Averaged data; heterogeneous samples (aggregates, oligomers) are hard to interpret.
[36].
Sample use Non-destructive, requires small amounts of protein.
Rapid data collection; suitable for screening.
-Works in solution; no crystallization needed.
Requires high purity; buffers or contaminants can interfere.
Sensitive to experimental conditions (temperature, path length, concentration).
[2, 37]

CONCLUSION

Circular dichroism (CD) spectroscopy is a rapid, versatile, and non-destructive method for probing protein secondary structure, folding, stability, and conformational changes. Far-UV CD provides semi-quantitative estimation of α-helices, β-sheets, and random coils, while near-UV and vibrational CD reveal tertiary environments and molecular chirality. CD requires minimal sample amounts, works in solution, and complements computational analyses, enabling insights into complex proteins, intrinsically disordered proteins, and protein-ligand interactions. Its applications span structural biology, drug discovery, protein engineering, and quality control of biopharmaceuticals.

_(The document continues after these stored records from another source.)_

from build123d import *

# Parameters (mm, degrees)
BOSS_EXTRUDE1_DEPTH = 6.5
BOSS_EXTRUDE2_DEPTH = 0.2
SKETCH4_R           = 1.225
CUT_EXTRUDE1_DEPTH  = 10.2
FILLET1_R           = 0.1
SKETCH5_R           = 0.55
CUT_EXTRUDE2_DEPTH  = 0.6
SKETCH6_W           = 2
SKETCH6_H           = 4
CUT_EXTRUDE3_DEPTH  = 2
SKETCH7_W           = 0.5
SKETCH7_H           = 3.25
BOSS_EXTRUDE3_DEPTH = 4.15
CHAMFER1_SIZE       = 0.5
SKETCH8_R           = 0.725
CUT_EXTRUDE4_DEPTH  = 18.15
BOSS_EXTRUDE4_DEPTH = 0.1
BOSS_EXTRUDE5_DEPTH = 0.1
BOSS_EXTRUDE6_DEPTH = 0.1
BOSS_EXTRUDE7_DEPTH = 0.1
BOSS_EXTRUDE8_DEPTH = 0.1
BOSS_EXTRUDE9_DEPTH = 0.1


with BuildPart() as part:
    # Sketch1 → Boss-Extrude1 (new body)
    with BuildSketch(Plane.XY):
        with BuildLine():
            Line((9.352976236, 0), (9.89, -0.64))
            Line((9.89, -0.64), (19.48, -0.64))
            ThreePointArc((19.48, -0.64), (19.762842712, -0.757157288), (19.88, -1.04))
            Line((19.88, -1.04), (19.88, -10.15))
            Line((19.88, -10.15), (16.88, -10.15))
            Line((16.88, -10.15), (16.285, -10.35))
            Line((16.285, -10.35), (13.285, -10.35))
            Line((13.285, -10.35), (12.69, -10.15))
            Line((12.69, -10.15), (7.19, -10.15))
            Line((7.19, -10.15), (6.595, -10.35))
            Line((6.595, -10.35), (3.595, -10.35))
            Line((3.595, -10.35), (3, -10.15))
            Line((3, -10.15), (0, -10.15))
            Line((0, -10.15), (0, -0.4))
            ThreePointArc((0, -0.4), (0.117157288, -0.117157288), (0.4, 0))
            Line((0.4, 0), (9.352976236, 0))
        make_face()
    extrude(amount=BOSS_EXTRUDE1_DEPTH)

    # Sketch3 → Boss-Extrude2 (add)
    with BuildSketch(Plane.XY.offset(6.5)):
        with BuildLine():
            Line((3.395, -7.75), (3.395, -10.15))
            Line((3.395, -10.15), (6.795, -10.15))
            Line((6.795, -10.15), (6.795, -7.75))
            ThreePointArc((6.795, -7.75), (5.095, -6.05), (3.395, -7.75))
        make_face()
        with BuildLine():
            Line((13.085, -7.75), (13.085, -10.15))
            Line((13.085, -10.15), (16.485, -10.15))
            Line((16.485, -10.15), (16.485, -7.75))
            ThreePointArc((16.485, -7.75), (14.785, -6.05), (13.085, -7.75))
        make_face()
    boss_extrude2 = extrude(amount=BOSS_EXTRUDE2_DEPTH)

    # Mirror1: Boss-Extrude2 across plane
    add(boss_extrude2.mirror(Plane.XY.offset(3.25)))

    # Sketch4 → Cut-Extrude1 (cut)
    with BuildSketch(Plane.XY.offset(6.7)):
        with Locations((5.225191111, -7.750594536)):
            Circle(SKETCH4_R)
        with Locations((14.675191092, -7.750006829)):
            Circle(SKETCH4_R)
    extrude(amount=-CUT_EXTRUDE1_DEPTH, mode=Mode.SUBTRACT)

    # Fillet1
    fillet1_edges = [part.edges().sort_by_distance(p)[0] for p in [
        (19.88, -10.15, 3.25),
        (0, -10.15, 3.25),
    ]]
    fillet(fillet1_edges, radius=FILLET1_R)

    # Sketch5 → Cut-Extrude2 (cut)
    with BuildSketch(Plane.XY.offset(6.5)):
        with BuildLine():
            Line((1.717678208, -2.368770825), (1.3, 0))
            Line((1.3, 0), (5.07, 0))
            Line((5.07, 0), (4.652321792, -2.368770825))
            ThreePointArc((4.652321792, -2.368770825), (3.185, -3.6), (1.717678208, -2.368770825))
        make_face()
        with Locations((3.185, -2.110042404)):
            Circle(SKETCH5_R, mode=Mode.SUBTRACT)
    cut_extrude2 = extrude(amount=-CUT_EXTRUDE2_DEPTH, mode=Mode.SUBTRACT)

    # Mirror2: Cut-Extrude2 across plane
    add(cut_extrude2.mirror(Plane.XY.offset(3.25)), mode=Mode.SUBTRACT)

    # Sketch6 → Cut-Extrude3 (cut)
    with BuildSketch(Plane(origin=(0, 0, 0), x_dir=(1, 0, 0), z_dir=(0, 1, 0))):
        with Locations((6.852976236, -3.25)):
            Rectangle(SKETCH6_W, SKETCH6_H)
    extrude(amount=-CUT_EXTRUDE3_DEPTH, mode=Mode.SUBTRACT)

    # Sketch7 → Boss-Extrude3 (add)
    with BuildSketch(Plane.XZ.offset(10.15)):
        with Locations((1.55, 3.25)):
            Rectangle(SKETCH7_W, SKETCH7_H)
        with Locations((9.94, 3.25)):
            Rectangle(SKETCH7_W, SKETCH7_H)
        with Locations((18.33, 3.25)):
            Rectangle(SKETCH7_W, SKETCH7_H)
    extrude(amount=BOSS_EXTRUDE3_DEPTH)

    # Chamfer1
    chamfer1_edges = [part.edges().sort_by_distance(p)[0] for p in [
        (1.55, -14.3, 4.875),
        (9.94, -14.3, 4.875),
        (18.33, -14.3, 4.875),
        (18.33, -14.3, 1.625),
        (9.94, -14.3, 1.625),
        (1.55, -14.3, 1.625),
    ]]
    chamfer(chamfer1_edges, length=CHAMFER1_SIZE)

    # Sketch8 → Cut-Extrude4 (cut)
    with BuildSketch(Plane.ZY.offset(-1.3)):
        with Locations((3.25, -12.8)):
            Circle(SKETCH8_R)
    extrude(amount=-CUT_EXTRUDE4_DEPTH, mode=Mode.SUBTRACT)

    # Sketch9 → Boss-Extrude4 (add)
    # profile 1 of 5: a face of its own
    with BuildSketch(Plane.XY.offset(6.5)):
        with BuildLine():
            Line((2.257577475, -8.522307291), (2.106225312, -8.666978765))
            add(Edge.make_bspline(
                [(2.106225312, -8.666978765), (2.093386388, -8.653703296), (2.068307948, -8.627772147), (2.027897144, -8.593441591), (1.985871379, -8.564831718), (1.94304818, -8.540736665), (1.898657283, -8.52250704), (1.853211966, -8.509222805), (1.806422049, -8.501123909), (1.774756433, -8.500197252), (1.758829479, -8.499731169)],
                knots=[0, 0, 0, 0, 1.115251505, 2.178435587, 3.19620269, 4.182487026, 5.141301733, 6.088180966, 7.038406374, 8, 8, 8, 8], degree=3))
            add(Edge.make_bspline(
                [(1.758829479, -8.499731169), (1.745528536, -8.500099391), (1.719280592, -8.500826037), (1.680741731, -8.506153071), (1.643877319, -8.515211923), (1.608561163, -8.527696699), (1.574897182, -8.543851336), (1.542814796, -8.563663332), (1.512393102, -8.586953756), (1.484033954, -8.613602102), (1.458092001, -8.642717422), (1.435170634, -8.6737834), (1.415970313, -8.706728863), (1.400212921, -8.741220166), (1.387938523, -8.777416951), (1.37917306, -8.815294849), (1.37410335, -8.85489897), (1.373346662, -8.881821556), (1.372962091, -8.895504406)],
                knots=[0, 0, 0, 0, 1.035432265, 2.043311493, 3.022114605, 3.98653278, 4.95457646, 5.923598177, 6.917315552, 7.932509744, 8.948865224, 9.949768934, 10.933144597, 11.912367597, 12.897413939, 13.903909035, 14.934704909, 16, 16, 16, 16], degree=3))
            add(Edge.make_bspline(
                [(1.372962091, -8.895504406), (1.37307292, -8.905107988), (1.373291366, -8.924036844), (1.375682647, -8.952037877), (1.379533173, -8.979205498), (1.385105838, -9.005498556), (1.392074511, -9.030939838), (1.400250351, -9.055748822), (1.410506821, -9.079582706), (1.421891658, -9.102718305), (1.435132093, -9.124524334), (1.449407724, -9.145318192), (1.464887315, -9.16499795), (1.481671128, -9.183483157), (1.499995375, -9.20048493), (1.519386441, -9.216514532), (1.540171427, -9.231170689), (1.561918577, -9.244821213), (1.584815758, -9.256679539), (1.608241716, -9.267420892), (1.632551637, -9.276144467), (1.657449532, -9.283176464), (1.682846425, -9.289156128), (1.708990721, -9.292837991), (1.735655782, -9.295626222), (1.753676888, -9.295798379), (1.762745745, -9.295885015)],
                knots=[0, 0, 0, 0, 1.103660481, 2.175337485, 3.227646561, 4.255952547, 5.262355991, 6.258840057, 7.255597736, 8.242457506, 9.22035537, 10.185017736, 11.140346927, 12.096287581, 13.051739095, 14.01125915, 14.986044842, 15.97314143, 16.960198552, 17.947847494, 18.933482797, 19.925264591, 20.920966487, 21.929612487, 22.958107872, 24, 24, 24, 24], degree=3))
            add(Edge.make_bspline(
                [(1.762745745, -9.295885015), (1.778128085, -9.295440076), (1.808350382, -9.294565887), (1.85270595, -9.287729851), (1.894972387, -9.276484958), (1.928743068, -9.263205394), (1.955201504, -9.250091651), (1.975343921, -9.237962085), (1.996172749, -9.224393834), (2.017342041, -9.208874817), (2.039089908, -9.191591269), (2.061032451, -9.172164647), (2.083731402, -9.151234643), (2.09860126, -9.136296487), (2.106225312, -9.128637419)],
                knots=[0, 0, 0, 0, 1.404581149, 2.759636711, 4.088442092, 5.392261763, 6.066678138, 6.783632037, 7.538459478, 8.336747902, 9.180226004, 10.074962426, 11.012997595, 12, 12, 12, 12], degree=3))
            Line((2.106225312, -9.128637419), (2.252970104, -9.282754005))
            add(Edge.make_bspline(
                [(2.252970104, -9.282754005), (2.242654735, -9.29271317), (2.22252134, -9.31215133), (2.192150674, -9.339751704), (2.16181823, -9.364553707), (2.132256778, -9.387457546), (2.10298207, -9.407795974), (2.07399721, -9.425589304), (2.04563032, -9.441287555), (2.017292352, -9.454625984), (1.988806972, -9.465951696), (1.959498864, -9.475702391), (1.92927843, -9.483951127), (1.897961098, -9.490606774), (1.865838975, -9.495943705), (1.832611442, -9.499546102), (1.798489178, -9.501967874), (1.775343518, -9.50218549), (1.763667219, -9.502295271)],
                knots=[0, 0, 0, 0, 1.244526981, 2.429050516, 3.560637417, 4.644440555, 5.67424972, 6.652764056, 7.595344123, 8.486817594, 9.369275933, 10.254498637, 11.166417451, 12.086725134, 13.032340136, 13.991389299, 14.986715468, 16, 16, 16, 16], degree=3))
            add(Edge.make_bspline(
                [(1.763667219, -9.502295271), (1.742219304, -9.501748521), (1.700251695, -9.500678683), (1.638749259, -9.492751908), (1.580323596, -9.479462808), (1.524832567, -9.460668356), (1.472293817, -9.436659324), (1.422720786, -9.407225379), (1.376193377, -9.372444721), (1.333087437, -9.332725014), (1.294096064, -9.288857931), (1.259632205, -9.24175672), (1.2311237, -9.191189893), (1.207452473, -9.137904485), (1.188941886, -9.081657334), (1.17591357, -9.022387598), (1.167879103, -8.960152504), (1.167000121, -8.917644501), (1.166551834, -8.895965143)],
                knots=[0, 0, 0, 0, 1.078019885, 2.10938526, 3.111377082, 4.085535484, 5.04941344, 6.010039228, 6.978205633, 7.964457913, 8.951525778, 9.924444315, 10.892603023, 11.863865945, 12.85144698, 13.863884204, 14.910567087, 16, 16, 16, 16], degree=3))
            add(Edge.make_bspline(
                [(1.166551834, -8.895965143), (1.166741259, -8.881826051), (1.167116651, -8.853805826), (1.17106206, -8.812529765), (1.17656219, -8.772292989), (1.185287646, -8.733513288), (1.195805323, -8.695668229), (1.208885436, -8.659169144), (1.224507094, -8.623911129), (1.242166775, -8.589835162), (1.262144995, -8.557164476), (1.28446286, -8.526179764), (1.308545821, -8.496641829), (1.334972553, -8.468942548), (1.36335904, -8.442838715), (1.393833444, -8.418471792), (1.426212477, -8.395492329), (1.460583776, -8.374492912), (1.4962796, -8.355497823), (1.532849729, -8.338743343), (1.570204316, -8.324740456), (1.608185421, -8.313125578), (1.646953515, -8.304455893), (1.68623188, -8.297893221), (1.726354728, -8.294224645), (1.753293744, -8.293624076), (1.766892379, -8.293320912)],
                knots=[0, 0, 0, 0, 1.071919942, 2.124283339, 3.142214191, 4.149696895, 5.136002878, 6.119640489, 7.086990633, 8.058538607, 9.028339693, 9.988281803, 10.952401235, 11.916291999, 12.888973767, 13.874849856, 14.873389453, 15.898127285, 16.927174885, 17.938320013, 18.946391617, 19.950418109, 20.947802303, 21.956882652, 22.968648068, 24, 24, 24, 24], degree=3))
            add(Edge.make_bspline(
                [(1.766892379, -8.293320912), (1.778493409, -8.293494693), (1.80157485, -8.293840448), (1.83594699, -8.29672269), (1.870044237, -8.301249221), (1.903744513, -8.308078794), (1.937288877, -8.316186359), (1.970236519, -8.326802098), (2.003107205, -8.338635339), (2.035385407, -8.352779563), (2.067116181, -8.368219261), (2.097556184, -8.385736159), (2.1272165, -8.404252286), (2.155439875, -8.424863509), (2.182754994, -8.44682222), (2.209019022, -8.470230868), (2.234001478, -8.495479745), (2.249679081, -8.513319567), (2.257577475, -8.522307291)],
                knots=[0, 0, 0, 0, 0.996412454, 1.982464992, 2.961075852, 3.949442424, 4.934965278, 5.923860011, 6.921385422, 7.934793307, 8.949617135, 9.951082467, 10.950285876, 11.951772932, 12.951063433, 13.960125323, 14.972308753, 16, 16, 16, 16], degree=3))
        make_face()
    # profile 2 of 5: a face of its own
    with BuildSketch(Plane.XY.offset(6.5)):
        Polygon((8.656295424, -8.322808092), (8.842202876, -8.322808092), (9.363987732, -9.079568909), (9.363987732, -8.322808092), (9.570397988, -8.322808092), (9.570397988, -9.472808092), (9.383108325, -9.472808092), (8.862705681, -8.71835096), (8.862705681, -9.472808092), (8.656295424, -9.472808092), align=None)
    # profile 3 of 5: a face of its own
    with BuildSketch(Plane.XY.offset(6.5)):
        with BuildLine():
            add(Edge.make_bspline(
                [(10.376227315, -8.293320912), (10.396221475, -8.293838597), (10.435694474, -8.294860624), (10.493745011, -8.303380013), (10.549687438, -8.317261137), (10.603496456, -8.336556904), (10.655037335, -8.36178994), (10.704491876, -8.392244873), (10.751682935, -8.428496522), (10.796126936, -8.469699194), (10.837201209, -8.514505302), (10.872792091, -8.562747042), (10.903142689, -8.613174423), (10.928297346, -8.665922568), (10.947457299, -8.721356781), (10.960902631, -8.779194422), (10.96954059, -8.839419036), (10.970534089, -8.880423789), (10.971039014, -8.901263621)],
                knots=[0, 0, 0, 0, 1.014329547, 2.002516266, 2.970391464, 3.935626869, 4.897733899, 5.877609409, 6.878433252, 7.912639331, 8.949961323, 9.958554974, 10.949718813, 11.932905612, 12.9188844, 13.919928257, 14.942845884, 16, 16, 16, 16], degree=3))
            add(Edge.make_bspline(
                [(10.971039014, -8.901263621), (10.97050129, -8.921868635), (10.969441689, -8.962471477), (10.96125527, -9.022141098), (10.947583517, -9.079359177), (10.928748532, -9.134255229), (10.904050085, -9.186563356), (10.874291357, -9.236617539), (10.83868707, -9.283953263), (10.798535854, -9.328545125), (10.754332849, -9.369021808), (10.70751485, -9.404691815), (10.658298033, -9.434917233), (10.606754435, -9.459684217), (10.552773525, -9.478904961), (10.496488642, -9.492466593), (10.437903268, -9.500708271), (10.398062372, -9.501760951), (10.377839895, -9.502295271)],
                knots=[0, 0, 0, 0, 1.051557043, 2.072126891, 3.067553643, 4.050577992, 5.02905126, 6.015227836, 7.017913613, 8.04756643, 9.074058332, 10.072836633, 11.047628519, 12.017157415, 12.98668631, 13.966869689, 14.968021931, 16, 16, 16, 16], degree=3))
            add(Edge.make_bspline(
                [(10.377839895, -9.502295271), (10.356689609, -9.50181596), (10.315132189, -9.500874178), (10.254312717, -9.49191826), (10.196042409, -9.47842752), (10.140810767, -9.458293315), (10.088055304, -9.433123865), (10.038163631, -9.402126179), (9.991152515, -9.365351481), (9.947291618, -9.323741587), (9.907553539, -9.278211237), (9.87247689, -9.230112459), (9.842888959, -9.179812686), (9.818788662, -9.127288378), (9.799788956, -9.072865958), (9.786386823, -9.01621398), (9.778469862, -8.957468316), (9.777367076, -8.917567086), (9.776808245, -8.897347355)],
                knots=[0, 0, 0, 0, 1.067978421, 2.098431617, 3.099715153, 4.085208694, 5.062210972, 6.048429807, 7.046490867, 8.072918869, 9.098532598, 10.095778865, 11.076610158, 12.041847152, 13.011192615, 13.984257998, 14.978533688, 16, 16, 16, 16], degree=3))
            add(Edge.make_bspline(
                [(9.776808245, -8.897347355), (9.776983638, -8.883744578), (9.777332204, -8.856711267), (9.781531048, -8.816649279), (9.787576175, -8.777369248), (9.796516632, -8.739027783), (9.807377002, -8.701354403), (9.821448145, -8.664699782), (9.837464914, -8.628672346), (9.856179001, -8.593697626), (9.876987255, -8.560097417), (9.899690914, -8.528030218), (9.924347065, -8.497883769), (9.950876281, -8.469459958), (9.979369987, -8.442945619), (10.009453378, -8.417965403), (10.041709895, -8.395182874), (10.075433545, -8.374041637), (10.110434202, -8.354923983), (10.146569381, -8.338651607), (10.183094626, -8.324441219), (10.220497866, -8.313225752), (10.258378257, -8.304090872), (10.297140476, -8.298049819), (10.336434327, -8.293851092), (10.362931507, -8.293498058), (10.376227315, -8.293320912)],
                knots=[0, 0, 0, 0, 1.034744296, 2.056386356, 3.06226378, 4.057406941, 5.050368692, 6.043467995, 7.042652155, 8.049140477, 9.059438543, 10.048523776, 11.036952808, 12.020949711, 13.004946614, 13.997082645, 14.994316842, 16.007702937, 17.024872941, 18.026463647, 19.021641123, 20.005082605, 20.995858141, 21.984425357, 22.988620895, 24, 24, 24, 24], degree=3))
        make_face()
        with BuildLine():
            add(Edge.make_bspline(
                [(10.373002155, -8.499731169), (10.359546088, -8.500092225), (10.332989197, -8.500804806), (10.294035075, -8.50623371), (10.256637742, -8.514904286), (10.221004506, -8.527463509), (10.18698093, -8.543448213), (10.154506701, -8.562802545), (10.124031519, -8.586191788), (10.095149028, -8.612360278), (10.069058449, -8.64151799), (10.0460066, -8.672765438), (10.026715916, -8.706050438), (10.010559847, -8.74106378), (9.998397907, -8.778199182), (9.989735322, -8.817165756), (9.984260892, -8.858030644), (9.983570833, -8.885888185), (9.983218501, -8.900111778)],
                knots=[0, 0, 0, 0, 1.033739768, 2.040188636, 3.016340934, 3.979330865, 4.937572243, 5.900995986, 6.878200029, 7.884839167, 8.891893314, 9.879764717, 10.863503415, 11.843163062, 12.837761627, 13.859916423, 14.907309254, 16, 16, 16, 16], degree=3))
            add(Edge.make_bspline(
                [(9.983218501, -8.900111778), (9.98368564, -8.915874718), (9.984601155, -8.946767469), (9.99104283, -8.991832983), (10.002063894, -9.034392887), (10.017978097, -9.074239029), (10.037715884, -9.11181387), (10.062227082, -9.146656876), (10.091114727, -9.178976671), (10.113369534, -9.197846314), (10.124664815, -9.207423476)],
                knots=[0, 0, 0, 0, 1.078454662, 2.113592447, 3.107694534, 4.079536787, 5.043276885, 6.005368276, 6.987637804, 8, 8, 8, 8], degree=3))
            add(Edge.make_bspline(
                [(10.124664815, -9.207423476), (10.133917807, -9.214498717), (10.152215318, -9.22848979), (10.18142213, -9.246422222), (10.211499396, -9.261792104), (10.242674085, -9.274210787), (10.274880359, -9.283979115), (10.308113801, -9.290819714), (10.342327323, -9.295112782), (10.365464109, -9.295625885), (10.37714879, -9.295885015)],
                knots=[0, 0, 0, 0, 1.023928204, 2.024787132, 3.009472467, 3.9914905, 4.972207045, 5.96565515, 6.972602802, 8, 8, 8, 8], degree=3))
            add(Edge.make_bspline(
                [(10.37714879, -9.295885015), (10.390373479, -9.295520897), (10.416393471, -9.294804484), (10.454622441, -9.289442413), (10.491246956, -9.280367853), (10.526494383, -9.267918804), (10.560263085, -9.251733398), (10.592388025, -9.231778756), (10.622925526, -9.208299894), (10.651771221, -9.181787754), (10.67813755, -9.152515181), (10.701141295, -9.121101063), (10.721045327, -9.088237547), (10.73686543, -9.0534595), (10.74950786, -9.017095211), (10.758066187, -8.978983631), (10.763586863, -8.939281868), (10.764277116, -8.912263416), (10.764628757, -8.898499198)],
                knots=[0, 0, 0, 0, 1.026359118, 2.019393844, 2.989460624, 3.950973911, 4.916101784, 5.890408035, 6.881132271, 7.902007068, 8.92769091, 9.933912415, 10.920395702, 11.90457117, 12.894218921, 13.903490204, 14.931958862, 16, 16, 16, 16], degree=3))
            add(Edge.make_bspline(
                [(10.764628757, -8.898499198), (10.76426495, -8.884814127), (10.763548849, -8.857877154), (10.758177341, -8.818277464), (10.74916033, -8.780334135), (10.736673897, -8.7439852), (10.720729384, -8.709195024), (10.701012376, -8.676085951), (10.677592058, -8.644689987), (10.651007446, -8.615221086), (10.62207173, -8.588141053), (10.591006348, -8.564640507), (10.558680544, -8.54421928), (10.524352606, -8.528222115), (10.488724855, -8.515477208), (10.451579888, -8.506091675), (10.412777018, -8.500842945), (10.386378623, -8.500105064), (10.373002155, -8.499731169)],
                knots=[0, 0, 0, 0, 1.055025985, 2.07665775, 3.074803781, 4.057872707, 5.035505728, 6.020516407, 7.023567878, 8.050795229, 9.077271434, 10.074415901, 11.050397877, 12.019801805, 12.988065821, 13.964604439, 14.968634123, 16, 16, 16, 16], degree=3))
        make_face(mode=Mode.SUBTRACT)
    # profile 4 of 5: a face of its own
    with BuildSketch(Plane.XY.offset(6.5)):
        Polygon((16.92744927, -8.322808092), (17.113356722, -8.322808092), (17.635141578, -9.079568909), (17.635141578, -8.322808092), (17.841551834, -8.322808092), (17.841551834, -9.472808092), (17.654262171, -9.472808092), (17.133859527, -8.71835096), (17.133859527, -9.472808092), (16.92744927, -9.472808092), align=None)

Despite its advantages, CD spectroscopy has limitations: it cannot resolve tertiary or quaternary structures, provides approximate secondary structure estimates, and relies on high-purity samples and reference datasets. Future research should focus on improving computational prediction accuracy, developing standardized reference databases, and expanding CD applications to study dynamic protein complexes, membrane proteins, and challenging biomolecular systems. Integrating CD with emerging techniques like machine learning, synchrotron radiation CD, and multi-modal spectroscopy will enhance structural insights, making it an even more powerful tool for protein science and biotechnology.

ACKNOWLEDGEMENT

The author would like to acknowledge the valuable contributions of fellow researchers, whose work is cited in the references section, for their insightful publications that have informed and enriched this review paper. The table made by the author themselves doesn’t copy from any sources.

FUNDING

Not applicable

AUTHORS CONTRIBUTIONS

Manuscript prepared by Ashish Uzgare. Fig. and table made by author themselves doesn’t copy from any sources.

CONFLICT OF INTERESTS

Author declare no conflict of interest.